Le parquet de Paris a annoncé la mise en examen d'un homme suspecté de gérer CFake, une plateforme spécialisée dans les deepfakes sexuels. Ce procès fait suite à une enquête lancée après qu'un rapport du ministère américain de la Justice a alerté Paris sur l'activité criminelle soutenue par le suspect, dont le serveur a été saisi aux Etats-Unis.
Établi en 2007, CFake proposait plus de 300 000 images et 7 000 vidéos créées par intelligence artificielle, avec environ 50 nouvelles publications par jour. Selon une étude menée par la Gendarmerie nationale, près de 14 000 victimes à travers le monde ont vu leur image utilisée sans consentement. Le site attirait près de 4 millions de visites chaque mois et générait des revenus significatifs grâce à la publicité.
Le suspect doit comparaître à Paris en juillet
Le présumé administrateur, un informaticien de 44 ans basé à Nice, a été arrêté début juin. Les enquêteurs ont saisi des équipements informatiques ainsi qu'un montant de 34,7 Ethereum, équivalant à environ 48 521 euros, considéré comme un produit de son activité illégale. Lors de son interpellation, il a été révélé qu’il était jusqu’alors inconnu des services judiciaires.
Le parquet a requis son placement en détention provisoire, et il sera présenté devant la 13e chambre du tribunal correctionnel de Paris le 7 juillet prochain pour répondre de la gestion d'un site facilitant des transactions illicites et de la complicité dans la diffusion de contenus pornographiques manipulés.

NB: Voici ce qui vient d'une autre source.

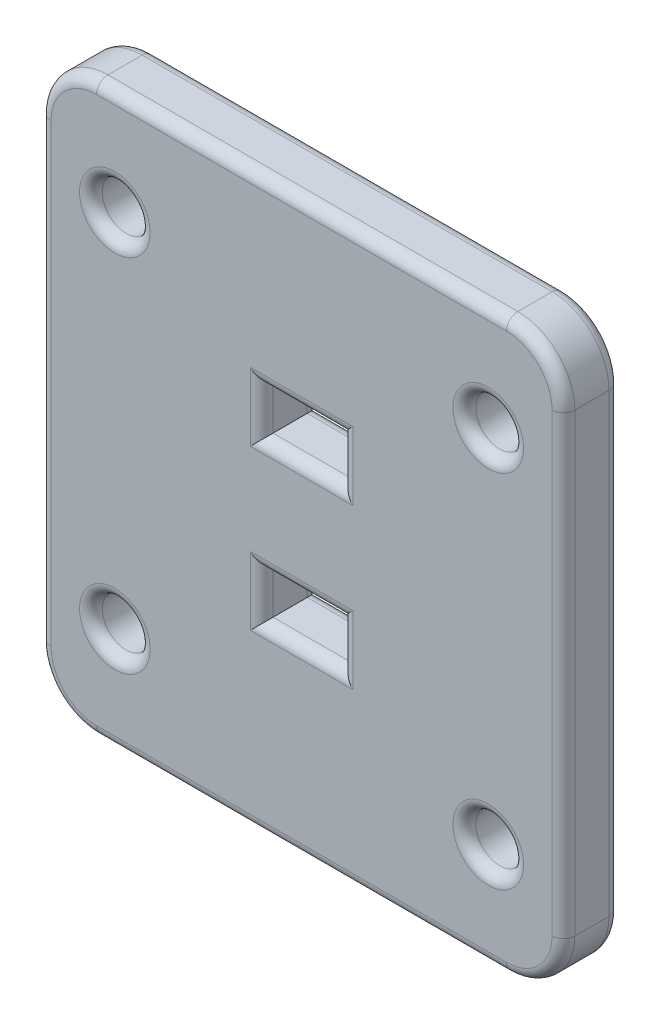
ISO-10303-21;
HEADER;
FILE_DESCRIPTION(('STEP AP214'),'2;1');
FILE_NAME('part.step','',(''),(''),'','','');
FILE_SCHEMA(('AUTOMOTIVE_DESIGN { 1 0 10303 214 1 1 1 1 }'));
ENDSEC;
DATA;
#1=APPLICATION_CONTEXT('core data for automotive mechanical design processes');
#2=APPLICATION_PROTOCOL_DEFINITION('international standard','automotive_design',2000,#1);
#3=PRODUCT_CONTEXT('',#1,'mechanical');
#4=PRODUCT('Part','Part','',(#3));
#5=PRODUCT_RELATED_PRODUCT_CATEGORY('part','',(#4));
#6=PRODUCT_DEFINITION_FORMATION('','',#4);
#7=PRODUCT_DEFINITION_CONTEXT('part definition',#1,'design');
#8=PRODUCT_DEFINITION('design','',#6,#7);
#9=PRODUCT_DEFINITION_SHAPE('','',#8);
#10=(LENGTH_UNIT() NAMED_UNIT(*) SI_UNIT(.MILLI.,.METRE.));
#11=(NAMED_UNIT(*) PLANE_ANGLE_UNIT() SI_UNIT($,.RADIAN.));
#12=(NAMED_UNIT(*) SI_UNIT($,.STERADIAN.) SOLID_ANGLE_UNIT());
#13=UNCERTAINTY_MEASURE_WITH_UNIT(LENGTH_MEASURE(1.E-05),#10,'distance_accuracy_value','');
#14=(GEOMETRIC_REPRESENTATION_CONTEXT(3) GLOBAL_UNCERTAINTY_ASSIGNED_CONTEXT((#13)) GLOBAL_UNIT_ASSIGNED_CONTEXT((#10,
#11,#12)) REPRESENTATION_CONTEXT('',''));
#15=CARTESIAN_POINT('',(0.,0.,0.));
#16=DIRECTION('',(0.,0.,1.));
#17=DIRECTION('',(1.,0.,0.));
#18=AXIS2_PLACEMENT_3D('',#15,#16,#17);
#19=CARTESIAN_POINT('',(0.,0.,25.95));
#20=DIRECTION('',(0.,0.,1.));
#21=DIRECTION('',(1.,0.,0.));
#22=AXIS2_PLACEMENT_3D('',#19,#20,#21);
#23=PLANE('',#22);
#24=CARTESIAN_POINT('',(-16.4,9.15692193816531,25.95));
#25=DIRECTION('',(0.,0.,1.));
#26=DIRECTION('',(-1.,0.,0.));
#27=AXIS2_PLACEMENT_3D('',#24,#25,#26);
#28=CIRCLE('',#27,3.1);
#29=CARTESIAN_POINT('',(-19.5,9.15692193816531,25.95));
#30=VERTEX_POINT('',#29);
#31=CARTESIAN_POINT('',(-13.3,9.15692193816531,25.95));
#32=VERTEX_POINT('',#31);
#33=EDGE_CURVE('E743',#30,#32,#28,.T.);
#34=ORIENTED_EDGE('',*,*,#33,.F.);
#35=CARTESIAN_POINT('',(-16.4,9.15692193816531,25.95));
#36=DIRECTION('',(0.,0.,1.));
#37=DIRECTION('',(1.,0.,0.));
#38=AXIS2_PLACEMENT_3D('',#35,#36,#37);
#39=CIRCLE('',#38,3.1);
#40=EDGE_CURVE('E1045',#32,#30,#39,.T.);
#41=ORIENTED_EDGE('',*,*,#40,.F.);
#42=EDGE_LOOP('',(#34,#41));
#43=FACE_BOUND('',#42,.T.);
#44=CARTESIAN_POINT('',(16.4,40.8430780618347,25.95));
#45=DIRECTION('',(0.,0.,1.));
#46=DIRECTION('',(-1.,0.,0.));
#47=AXIS2_PLACEMENT_3D('',#44,#45,#46);
#48=CIRCLE('',#47,3.1);
#49=CARTESIAN_POINT('',(13.3,40.8430780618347,25.95));
#50=VERTEX_POINT('',#49);
#51=CARTESIAN_POINT('',(19.5,40.8430780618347,25.95));
#52=VERTEX_POINT('',#51);
#53=EDGE_CURVE('E1016',#50,#52,#48,.T.);
#54=ORIENTED_EDGE('',*,*,#53,.F.);
#55=CARTESIAN_POINT('',(16.4,40.8430780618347,25.95));
#56=DIRECTION('',(0.,0.,1.));
#57=DIRECTION('',(1.,0.,0.));
#58=AXIS2_PLACEMENT_3D('',#55,#56,#57);
#59=CIRCLE('',#58,3.1);
#60=EDGE_CURVE('E692',#52,#50,#59,.T.);
#61=ORIENTED_EDGE('',*,*,#60,.F.);
#62=EDGE_LOOP('',(#54,#61));
#63=FACE_BOUND('',#62,.T.);
#64=CARTESIAN_POINT('',(16.4,9.15692193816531,25.95));
#65=DIRECTION('',(0.,0.,1.));
#66=DIRECTION('',(-1.,0.,0.));
#67=AXIS2_PLACEMENT_3D('',#64,#65,#66);
#68=CIRCLE('',#67,3.1);
#69=CARTESIAN_POINT('',(13.3,9.15692193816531,25.95));
#70=VERTEX_POINT('',#69);
#71=CARTESIAN_POINT('',(19.5,9.15692193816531,25.95));
#72=VERTEX_POINT('',#71);
#73=EDGE_CURVE('E730',#70,#72,#68,.T.);
#74=ORIENTED_EDGE('',*,*,#73,.F.);
#75=CARTESIAN_POINT('',(16.4,9.15692193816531,25.95));
#76=DIRECTION('',(0.,0.,1.));
#77=DIRECTION('',(1.,0.,0.));
#78=AXIS2_PLACEMENT_3D('',#75,#76,#77);
#79=CIRCLE('',#78,3.1);
#80=EDGE_CURVE('E1003',#72,#70,#79,.T.);
#81=ORIENTED_EDGE('',*,*,#80,.F.);
#82=EDGE_LOOP('',(#74,#81));
#83=FACE_BOUND('',#82,.T.);
#84=CARTESIAN_POINT('',(-16.4,40.8430780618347,25.95));
#85=DIRECTION('',(0.,0.,1.));
#86=DIRECTION('',(-1.,0.,0.));
#87=AXIS2_PLACEMENT_3D('',#84,#85,#86);
#88=CIRCLE('',#87,3.1);
#89=CARTESIAN_POINT('',(-19.5,40.8430780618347,25.95));
#90=VERTEX_POINT('',#89);
#91=CARTESIAN_POINT('',(-13.3,40.8430780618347,25.95));
#92=VERTEX_POINT('',#91);
#93=EDGE_CURVE('E973',#90,#92,#88,.T.);
#94=ORIENTED_EDGE('',*,*,#93,.F.);
#95=CARTESIAN_POINT('',(-16.4,40.8430780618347,25.95));
#96=DIRECTION('',(0.,0.,1.));
#97=DIRECTION('',(1.,0.,0.));
#98=AXIS2_PLACEMENT_3D('',#95,#96,#97);
#99=CIRCLE('',#98,3.1);
#100=EDGE_CURVE('E983',#92,#90,#99,.T.);
#101=ORIENTED_EDGE('',*,*,#100,.F.);
#102=EDGE_LOOP('',(#94,#101));
#103=FACE_BOUND('',#102,.T.);
#104=DIRECTION('',(-1.,0.,0.));
#105=VECTOR('',#104,1.);
#106=CARTESIAN_POINT('',(-3.5,35.,25.95));
#107=LINE('',#106,#105);
#108=CARTESIAN_POINT('',(4.5,35.,25.95));
#109=VERTEX_POINT('',#108);
#110=CARTESIAN_POINT('',(-4.5,35.,25.95));
#111=VERTEX_POINT('',#110);
#112=EDGE_CURVE('E690',#109,#111,#107,.T.);
#113=ORIENTED_EDGE('',*,*,#112,.F.);
#114=DIRECTION('',(0.,1.,0.));
#115=VECTOR('',#114,1.);
#116=CARTESIAN_POINT('',(4.5,30.,25.95));
#117=LINE('',#116,#115);
#118=CARTESIAN_POINT('',(4.5,29.,25.95));
#119=VERTEX_POINT('',#118);
#120=EDGE_CURVE('E687',#119,#109,#117,.T.);
#121=ORIENTED_EDGE('',*,*,#120,.F.);
#122=DIRECTION('',(1.,0.,0.));
#123=VECTOR('',#122,1.);
#124=CARTESIAN_POINT('',(-3.5,29.,25.95));
#125=LINE('',#124,#123);
#126=CARTESIAN_POINT('',(-4.5,29.,25.95));
#127=VERTEX_POINT('',#126);
#128=EDGE_CURVE('E681',#127,#119,#125,.T.);
#129=ORIENTED_EDGE('',*,*,#128,.F.);
#130=DIRECTION('',(0.,-1.,0.));
#131=VECTOR('',#130,1.);
#132=CARTESIAN_POINT('',(-4.5,30.,25.95));
#133=LINE('',#132,#131);
#134=EDGE_CURVE('E671',#111,#127,#133,.T.);
#135=ORIENTED_EDGE('',*,*,#134,.F.);
#136=EDGE_LOOP('',(#113,#121,#129,#135));
#137=FACE_BOUND('',#136,.T.);
#138=DIRECTION('',(-1.,0.,0.));
#139=VECTOR('',#138,1.);
#140=CARTESIAN_POINT('',(-3.5,21.,25.95));
#141=LINE('',#140,#139);
#142=CARTESIAN_POINT('',(4.5,21.,25.95));
#143=VERTEX_POINT('',#142);
#144=CARTESIAN_POINT('',(-4.5,21.,25.95));
#145=VERTEX_POINT('',#144);
#146=EDGE_CURVE('E788',#143,#145,#141,.T.);
#147=ORIENTED_EDGE('',*,*,#146,.F.);
#148=DIRECTION('',(0.,1.,0.));
#149=VECTOR('',#148,1.);
#150=CARTESIAN_POINT('',(4.5,16.,25.95));
#151=LINE('',#150,#149);
#152=CARTESIAN_POINT('',(4.5,15.,25.95));
#153=VERTEX_POINT('',#152);
#154=EDGE_CURVE('E139',#153,#143,#151,.T.);
#155=ORIENTED_EDGE('',*,*,#154,.F.);
#156=DIRECTION('',(1.,0.,0.));
#157=VECTOR('',#156,1.);
#158=CARTESIAN_POINT('',(-3.5,15.,25.95));
#159=LINE('',#158,#157);
#160=CARTESIAN_POINT('',(-4.5,15.,25.95));
#161=VERTEX_POINT('',#160);
#162=EDGE_CURVE('E780',#161,#153,#159,.T.);
#163=ORIENTED_EDGE('',*,*,#162,.F.);
#164=DIRECTION('',(0.,-1.,0.));
#165=VECTOR('',#164,1.);
#166=CARTESIAN_POINT('',(-4.5,16.,25.95));
#167=LINE('',#166,#165);
#168=EDGE_CURVE('E771',#145,#161,#167,.T.);
#169=ORIENTED_EDGE('',*,*,#168,.F.);
#170=EDGE_LOOP('',(#147,#155,#163,#169));
#171=FACE_BOUND('',#170,.T.);
#172=DIRECTION('',(0.,-1.,0.));
#173=VECTOR('',#172,1.);
#174=CARTESIAN_POINT('',(22.,0.,25.95));
#175=LINE('',#174,#173);
#176=CARTESIAN_POINT('',(22.,45.,25.95));
#177=VERTEX_POINT('',#176);
#178=CARTESIAN_POINT('',(22.,5.,25.95));
#179=VERTEX_POINT('',#178);
#180=EDGE_CURVE('E790',#177,#179,#175,.T.);
#181=ORIENTED_EDGE('',*,*,#180,.F.);
#182=CARTESIAN_POINT('',(18.,45.,25.95));
#183=DIRECTION('',(0.,0.,-1.));
#184=DIRECTION('',(0.,1.,0.));
#185=AXIS2_PLACEMENT_3D('',#182,#183,#184);
#186=CIRCLE('',#185,4.);
#187=CARTESIAN_POINT('',(18.,49.,25.95));
#188=VERTEX_POINT('',#187);
#189=EDGE_CURVE('E148',#188,#177,#186,.T.);
#190=ORIENTED_EDGE('',*,*,#189,.F.);
#191=DIRECTION('',(1.,0.,0.));
#192=VECTOR('',#191,1.);
#193=CARTESIAN_POINT('',(0.,49.,25.95));
#194=LINE('',#193,#192);
#195=CARTESIAN_POINT('',(-18.,49.,25.95));
#196=VERTEX_POINT('',#195);
#197=EDGE_CURVE('E165',#196,#188,#194,.T.);
#198=ORIENTED_EDGE('',*,*,#197,.F.);
#199=CARTESIAN_POINT('',(-18.,45.,25.95));
#200=DIRECTION('',(0.,0.,-1.));
#201=DIRECTION('',(-1.,0.,0.));
#202=AXIS2_PLACEMENT_3D('',#199,#200,#201);
#203=CIRCLE('',#202,4.);
#204=CARTESIAN_POINT('',(-22.,45.,25.95));
#205=VERTEX_POINT('',#204);
#206=EDGE_CURVE('E848',#205,#196,#203,.T.);
#207=ORIENTED_EDGE('',*,*,#206,.F.);
#208=DIRECTION('',(0.,1.,0.));
#209=VECTOR('',#208,1.);
#210=CARTESIAN_POINT('',(-22.,0.,25.95));
#211=LINE('',#210,#209);
#212=CARTESIAN_POINT('',(-22.,5.,25.95));
#213=VERTEX_POINT('',#212);
#214=EDGE_CURVE('E845',#213,#205,#211,.T.);
#215=ORIENTED_EDGE('',*,*,#214,.F.);
#216=CARTESIAN_POINT('',(-18.,5.,25.95));
#217=DIRECTION('',(0.,0.,-1.));
#218=DIRECTION('',(0.,-1.,0.));
#219=AXIS2_PLACEMENT_3D('',#216,#217,#218);
#220=CIRCLE('',#219,4.);
#221=CARTESIAN_POINT('',(-18.,1.,25.95));
#222=VERTEX_POINT('',#221);
#223=EDGE_CURVE('E855',#222,#213,#220,.T.);
#224=ORIENTED_EDGE('',*,*,#223,.F.);
#225=DIRECTION('',(-1.,0.,0.));
#226=VECTOR('',#225,1.);
#227=CARTESIAN_POINT('',(0.,1.,25.95));
#228=LINE('',#227,#226);
#229=CARTESIAN_POINT('',(18.,1.,25.95));
#230=VERTEX_POINT('',#229);
#231=EDGE_CURVE('E834',#230,#222,#228,.T.);
#232=ORIENTED_EDGE('',*,*,#231,.F.);
#233=CARTESIAN_POINT('',(18.,5.,25.95));
#234=DIRECTION('',(0.,0.,-1.));
#235=DIRECTION('',(1.,0.,0.));
#236=AXIS2_PLACEMENT_3D('',#233,#234,#235);
#237=CIRCLE('',#236,4.);
#238=EDGE_CURVE('E806',#179,#230,#237,.T.);
#239=ORIENTED_EDGE('',*,*,#238,.F.);
#240=EDGE_LOOP('',(#181,#190,#198,#207,#215,#224,#232,#239));
#241=FACE_BOUND('',#240,.T.);
#242=ADVANCED_FACE('F17',(#43,#63,#83,#103,#137,#171,#241),#23,.T.);
#243=CARTESIAN_POINT('',(18.,45.,24.95));
#244=DIRECTION('',(0.,0.,1.));
#245=DIRECTION('',(1.,0.,0.));
#246=AXIS2_PLACEMENT_3D('',#243,#244,#245);
#247=TOROIDAL_SURFACE('',#246,4.,1.);
#248=CARTESIAN_POINT('',(18.,49.,24.95));
#249=DIRECTION('',(1.,0.,0.));
#250=DIRECTION('',(0.,0.,-1.));
#251=AXIS2_PLACEMENT_3D('',#248,#249,#250);
#252=CIRCLE('',#251,1.);
#253=CARTESIAN_POINT('',(18.,50.,24.95));
#254=VERTEX_POINT('',#253);
#255=EDGE_CURVE('E911',#188,#254,#252,.F.);
#256=ORIENTED_EDGE('',*,*,#255,.F.);
#257=ORIENTED_EDGE('',*,*,#189,.T.);
#258=CARTESIAN_POINT('',(22.,45.,24.95));
#259=DIRECTION('',(0.,-1.,0.));
#260=DIRECTION('',(0.,0.,-1.));
#261=AXIS2_PLACEMENT_3D('',#258,#259,#260);
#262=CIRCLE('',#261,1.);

Cette affaire met en lumière des enjeux cruciaux de consentement et de droits à l'image dans l'ère numérique.
Des experts, comme le professeur en droit numérique Pierre-Jean Giraud, soulignent que de telles affaires sont inévitables à mesure que la technologie progresse. Giraud affirme : "Le cadre légal doit s'adapter en urgence pour protéger les individus contre l'exploitation de leur image à leur insu." Cette affaire pourrait poser un précédent significatif pour les futures législations concernant les deepfakes.